(Data items)
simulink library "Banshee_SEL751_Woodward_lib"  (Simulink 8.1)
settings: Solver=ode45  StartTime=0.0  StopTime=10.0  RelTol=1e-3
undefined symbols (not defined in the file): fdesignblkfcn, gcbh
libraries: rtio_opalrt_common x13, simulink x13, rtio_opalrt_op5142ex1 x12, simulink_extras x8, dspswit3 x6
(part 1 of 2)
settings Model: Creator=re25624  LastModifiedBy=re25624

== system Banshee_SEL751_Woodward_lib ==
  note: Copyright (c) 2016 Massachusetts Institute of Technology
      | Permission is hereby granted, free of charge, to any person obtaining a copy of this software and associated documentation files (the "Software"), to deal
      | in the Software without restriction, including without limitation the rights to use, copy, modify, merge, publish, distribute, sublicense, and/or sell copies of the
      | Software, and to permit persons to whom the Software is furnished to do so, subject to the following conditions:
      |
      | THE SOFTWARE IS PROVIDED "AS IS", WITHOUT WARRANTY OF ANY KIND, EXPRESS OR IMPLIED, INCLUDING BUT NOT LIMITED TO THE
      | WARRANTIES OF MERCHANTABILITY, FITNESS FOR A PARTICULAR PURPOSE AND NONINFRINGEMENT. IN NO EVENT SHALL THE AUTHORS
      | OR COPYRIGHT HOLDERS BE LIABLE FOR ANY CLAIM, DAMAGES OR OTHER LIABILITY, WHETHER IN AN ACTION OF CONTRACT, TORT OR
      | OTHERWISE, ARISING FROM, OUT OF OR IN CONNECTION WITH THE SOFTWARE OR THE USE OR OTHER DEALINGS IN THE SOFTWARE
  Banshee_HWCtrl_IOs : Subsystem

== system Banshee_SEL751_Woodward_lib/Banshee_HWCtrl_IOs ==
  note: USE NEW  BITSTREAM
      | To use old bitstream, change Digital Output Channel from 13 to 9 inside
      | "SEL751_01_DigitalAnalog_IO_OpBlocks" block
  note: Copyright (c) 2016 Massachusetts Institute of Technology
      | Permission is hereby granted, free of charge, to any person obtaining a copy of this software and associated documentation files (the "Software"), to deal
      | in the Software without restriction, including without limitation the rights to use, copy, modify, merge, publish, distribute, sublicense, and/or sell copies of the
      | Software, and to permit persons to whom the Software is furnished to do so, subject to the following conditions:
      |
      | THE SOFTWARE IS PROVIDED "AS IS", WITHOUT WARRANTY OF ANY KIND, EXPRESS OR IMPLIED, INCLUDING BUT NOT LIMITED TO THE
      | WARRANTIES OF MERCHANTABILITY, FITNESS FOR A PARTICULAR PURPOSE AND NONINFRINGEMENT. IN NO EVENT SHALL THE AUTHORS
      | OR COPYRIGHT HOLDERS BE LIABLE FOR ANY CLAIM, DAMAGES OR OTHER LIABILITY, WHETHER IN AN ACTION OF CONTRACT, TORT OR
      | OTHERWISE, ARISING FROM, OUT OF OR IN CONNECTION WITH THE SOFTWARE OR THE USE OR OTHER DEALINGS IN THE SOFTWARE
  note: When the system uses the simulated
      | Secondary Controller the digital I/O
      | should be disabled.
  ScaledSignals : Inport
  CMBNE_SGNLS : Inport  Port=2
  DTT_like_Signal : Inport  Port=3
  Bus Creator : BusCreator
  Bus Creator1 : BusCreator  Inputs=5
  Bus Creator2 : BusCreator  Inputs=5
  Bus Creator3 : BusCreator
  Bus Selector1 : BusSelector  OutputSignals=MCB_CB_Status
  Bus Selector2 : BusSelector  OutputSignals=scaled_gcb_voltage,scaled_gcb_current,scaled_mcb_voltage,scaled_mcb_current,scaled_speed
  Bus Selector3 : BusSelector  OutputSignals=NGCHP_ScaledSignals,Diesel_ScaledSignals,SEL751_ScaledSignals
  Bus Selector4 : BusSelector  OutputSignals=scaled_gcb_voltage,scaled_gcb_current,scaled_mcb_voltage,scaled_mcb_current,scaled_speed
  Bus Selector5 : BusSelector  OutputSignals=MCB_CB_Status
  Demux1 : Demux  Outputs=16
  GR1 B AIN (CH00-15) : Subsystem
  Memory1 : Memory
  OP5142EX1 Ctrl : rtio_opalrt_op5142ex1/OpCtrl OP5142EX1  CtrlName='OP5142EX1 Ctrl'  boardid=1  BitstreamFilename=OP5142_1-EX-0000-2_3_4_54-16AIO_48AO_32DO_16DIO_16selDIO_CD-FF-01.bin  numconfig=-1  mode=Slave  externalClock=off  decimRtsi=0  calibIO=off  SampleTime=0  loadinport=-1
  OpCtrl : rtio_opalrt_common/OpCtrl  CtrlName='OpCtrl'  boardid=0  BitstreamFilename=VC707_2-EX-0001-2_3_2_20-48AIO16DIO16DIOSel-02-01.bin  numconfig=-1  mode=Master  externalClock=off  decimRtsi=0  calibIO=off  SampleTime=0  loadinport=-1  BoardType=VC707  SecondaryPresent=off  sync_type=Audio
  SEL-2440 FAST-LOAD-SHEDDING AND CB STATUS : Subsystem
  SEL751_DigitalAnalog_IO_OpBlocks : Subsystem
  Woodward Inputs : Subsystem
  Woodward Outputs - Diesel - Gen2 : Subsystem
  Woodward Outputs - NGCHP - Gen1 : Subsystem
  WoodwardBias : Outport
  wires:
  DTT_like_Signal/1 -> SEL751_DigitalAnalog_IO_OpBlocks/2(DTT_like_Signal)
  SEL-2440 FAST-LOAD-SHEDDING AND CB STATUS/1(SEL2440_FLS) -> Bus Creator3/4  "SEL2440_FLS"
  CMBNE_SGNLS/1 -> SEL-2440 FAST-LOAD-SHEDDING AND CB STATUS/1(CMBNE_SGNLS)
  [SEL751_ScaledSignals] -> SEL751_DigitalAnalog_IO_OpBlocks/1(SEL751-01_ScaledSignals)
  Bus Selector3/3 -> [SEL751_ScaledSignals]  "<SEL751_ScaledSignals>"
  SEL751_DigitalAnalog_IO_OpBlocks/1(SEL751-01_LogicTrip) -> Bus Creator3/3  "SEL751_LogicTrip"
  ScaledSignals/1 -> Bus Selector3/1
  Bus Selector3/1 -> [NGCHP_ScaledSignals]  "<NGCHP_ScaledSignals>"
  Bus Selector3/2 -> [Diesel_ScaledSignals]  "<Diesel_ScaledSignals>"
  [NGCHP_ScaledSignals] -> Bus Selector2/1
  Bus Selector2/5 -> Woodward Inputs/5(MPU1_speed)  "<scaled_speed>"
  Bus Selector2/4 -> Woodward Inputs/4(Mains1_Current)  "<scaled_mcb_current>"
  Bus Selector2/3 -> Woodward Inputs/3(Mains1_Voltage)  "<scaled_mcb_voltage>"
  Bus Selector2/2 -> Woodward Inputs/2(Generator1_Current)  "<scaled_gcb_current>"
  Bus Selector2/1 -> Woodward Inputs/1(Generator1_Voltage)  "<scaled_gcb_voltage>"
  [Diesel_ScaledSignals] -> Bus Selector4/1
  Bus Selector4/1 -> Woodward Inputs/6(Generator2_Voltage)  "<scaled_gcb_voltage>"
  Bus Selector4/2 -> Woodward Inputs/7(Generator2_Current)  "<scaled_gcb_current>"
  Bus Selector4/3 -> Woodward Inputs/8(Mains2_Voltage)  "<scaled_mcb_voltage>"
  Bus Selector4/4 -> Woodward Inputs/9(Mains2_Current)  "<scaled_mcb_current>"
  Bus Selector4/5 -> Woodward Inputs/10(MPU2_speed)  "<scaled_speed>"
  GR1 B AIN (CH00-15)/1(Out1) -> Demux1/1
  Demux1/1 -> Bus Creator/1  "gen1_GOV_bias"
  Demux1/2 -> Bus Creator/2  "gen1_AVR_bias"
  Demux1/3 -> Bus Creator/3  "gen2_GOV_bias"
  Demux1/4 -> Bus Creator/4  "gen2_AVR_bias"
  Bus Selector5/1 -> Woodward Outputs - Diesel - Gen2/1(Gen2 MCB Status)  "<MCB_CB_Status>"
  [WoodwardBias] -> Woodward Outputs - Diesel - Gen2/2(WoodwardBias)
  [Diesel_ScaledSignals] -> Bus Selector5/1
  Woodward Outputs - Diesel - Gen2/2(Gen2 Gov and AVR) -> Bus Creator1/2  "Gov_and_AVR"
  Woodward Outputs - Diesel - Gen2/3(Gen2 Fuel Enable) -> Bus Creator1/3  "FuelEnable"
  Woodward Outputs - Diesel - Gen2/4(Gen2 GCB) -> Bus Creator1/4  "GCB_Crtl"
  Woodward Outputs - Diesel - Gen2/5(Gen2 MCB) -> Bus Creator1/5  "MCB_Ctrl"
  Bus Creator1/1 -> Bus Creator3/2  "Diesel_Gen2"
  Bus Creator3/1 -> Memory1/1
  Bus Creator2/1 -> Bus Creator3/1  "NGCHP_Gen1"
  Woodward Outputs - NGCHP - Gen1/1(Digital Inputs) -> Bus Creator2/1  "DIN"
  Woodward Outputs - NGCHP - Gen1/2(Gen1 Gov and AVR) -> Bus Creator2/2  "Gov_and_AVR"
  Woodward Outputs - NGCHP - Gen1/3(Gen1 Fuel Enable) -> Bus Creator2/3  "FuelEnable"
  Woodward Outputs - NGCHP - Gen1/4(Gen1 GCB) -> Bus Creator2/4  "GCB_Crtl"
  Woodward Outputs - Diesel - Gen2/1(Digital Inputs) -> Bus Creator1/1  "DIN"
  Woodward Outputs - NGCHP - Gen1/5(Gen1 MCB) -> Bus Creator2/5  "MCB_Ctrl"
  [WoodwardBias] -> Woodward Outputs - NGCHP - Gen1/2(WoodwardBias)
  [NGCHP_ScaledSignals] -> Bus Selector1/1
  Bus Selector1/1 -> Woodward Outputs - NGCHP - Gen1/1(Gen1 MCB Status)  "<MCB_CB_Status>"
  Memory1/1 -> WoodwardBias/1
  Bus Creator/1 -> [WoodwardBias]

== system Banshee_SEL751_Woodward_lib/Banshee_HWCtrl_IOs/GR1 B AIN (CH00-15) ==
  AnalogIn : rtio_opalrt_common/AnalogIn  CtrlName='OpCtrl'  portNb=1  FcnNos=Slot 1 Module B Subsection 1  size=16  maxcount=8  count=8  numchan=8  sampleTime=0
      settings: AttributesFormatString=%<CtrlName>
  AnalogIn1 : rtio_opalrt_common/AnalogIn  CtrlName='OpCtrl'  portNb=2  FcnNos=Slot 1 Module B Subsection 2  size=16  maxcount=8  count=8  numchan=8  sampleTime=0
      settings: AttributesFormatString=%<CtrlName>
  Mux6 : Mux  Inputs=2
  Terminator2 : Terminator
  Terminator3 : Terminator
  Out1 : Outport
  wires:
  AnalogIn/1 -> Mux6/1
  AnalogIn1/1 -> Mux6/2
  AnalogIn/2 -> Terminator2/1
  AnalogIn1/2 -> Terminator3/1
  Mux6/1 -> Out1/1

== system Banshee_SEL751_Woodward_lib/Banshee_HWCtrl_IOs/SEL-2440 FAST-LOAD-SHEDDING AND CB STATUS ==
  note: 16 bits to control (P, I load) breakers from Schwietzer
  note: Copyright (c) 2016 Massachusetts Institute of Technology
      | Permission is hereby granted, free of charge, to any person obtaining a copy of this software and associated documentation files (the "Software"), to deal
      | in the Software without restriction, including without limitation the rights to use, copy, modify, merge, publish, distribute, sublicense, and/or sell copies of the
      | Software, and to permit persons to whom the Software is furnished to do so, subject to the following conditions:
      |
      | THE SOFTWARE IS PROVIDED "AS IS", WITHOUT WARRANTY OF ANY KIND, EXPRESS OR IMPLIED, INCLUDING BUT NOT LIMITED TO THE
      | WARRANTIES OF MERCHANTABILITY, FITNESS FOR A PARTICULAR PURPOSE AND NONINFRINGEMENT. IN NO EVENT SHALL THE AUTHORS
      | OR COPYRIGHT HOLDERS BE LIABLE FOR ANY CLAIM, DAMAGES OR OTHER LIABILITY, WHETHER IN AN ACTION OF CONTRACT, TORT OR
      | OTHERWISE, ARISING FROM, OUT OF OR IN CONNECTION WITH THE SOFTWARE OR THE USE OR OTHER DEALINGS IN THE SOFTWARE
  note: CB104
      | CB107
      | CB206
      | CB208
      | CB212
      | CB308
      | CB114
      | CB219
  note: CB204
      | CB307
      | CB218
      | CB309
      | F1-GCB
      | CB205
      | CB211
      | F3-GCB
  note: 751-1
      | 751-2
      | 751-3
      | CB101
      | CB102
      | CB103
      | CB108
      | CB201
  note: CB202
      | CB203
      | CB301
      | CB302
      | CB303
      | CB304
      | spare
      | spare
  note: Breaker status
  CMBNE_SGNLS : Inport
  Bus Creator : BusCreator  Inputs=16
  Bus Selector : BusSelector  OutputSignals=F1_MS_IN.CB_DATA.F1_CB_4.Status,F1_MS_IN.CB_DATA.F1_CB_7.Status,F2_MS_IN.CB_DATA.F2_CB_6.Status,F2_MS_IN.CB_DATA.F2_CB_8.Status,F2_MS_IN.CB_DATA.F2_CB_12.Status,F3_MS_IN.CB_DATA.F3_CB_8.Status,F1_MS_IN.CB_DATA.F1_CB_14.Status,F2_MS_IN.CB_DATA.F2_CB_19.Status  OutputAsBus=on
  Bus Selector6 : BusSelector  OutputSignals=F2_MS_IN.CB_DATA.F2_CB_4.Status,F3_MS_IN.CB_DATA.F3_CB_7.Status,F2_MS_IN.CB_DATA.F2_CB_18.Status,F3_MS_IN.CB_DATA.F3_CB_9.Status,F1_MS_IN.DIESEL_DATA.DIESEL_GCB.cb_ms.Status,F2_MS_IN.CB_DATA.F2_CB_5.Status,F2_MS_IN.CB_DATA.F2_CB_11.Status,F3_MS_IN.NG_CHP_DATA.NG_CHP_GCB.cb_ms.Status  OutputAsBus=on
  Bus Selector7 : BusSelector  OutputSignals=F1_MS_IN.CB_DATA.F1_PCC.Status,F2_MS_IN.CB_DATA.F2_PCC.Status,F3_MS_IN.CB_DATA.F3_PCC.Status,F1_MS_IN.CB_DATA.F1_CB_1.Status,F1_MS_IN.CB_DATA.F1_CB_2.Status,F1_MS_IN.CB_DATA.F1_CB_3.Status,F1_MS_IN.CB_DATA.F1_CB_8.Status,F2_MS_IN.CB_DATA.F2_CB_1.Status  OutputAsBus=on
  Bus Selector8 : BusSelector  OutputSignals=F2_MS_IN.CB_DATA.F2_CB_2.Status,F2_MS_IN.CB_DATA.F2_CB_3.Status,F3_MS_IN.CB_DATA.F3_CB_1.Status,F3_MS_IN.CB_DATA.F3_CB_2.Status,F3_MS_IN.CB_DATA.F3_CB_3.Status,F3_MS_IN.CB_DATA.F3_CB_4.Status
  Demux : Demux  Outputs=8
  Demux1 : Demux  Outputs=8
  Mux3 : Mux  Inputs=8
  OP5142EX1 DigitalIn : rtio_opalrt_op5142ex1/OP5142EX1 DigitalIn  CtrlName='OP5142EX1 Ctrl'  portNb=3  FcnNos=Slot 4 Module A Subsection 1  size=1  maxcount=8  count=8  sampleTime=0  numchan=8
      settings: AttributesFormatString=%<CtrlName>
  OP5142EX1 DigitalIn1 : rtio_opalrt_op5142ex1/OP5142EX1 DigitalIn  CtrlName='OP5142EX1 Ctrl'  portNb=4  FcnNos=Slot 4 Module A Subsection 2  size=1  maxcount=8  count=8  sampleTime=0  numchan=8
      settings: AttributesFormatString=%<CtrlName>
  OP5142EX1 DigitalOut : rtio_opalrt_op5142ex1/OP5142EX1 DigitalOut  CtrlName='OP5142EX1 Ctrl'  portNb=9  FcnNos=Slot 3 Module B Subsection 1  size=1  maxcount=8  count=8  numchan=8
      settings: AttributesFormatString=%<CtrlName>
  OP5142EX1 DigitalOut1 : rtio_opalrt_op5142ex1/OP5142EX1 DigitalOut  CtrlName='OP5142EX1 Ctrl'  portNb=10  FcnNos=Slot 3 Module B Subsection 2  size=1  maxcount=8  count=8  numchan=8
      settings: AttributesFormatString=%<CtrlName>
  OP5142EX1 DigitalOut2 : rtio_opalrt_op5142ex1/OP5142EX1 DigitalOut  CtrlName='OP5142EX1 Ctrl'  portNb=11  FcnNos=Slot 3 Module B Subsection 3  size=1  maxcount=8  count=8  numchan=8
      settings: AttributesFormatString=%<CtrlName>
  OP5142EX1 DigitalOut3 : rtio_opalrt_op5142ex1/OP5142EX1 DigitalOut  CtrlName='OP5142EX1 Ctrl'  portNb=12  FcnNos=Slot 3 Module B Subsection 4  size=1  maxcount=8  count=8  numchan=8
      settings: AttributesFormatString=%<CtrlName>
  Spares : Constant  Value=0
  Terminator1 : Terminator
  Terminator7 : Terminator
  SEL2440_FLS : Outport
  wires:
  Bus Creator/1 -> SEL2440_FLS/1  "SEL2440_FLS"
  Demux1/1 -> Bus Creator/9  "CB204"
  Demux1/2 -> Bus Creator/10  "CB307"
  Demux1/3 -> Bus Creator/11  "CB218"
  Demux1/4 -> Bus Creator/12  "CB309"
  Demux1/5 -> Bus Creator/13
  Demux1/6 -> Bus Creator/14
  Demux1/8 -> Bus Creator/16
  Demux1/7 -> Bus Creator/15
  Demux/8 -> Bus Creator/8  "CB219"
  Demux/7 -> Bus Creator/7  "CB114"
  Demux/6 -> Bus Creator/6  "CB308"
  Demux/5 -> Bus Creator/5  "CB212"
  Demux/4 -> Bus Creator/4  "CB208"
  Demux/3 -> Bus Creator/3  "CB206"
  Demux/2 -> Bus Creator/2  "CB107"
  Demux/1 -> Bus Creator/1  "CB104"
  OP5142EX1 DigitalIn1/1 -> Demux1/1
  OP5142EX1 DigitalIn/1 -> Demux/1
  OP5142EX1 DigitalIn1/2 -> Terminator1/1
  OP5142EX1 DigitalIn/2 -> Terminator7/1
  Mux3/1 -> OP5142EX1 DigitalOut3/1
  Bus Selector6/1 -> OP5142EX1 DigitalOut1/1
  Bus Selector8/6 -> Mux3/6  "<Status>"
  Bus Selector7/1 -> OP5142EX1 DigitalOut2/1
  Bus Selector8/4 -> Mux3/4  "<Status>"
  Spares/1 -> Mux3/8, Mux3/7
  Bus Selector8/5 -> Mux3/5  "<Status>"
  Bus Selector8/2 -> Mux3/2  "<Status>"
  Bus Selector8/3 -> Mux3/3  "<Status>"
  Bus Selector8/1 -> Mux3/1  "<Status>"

**What is expected**
What you return must be the lines above that run from the line with "Bus Selector4 : BusSelector" to the line with "OP5142EX1 Ctrl : rtio_opalrt_op5142ex1/OpCtrl", inclusive, each copied exactly.

**Task answer**
  Bus Selector4 : BusSelector  OutputSignals=scaled_gcb_voltage,scaled_gcb_current,scaled_mcb_voltage,scaled_mcb_current,scaled_speed
  Bus Selector5 : BusSelector  OutputSignals=MCB_CB_Status
  Demux1 : Demux  Outputs=16
  GR1 B AIN (CH00-15) : Subsystem
  Memory1 : Memory
  OP5142EX1 Ctrl : rtio_opalrt_op5142ex1/OpCtrl OP5142EX1  CtrlName='OP5142EX1 Ctrl'  boardid=1  BitstreamFilename=OP5142_1-EX-0000-2_3_4_54-16AIO_48AO_32DO_16DIO_16selDIO_CD-FF-01.bin  numconfig=-1  mode=Slave  externalClock=off  decimRtsi=0  calibIO=off  SampleTime=0  loadinport=-1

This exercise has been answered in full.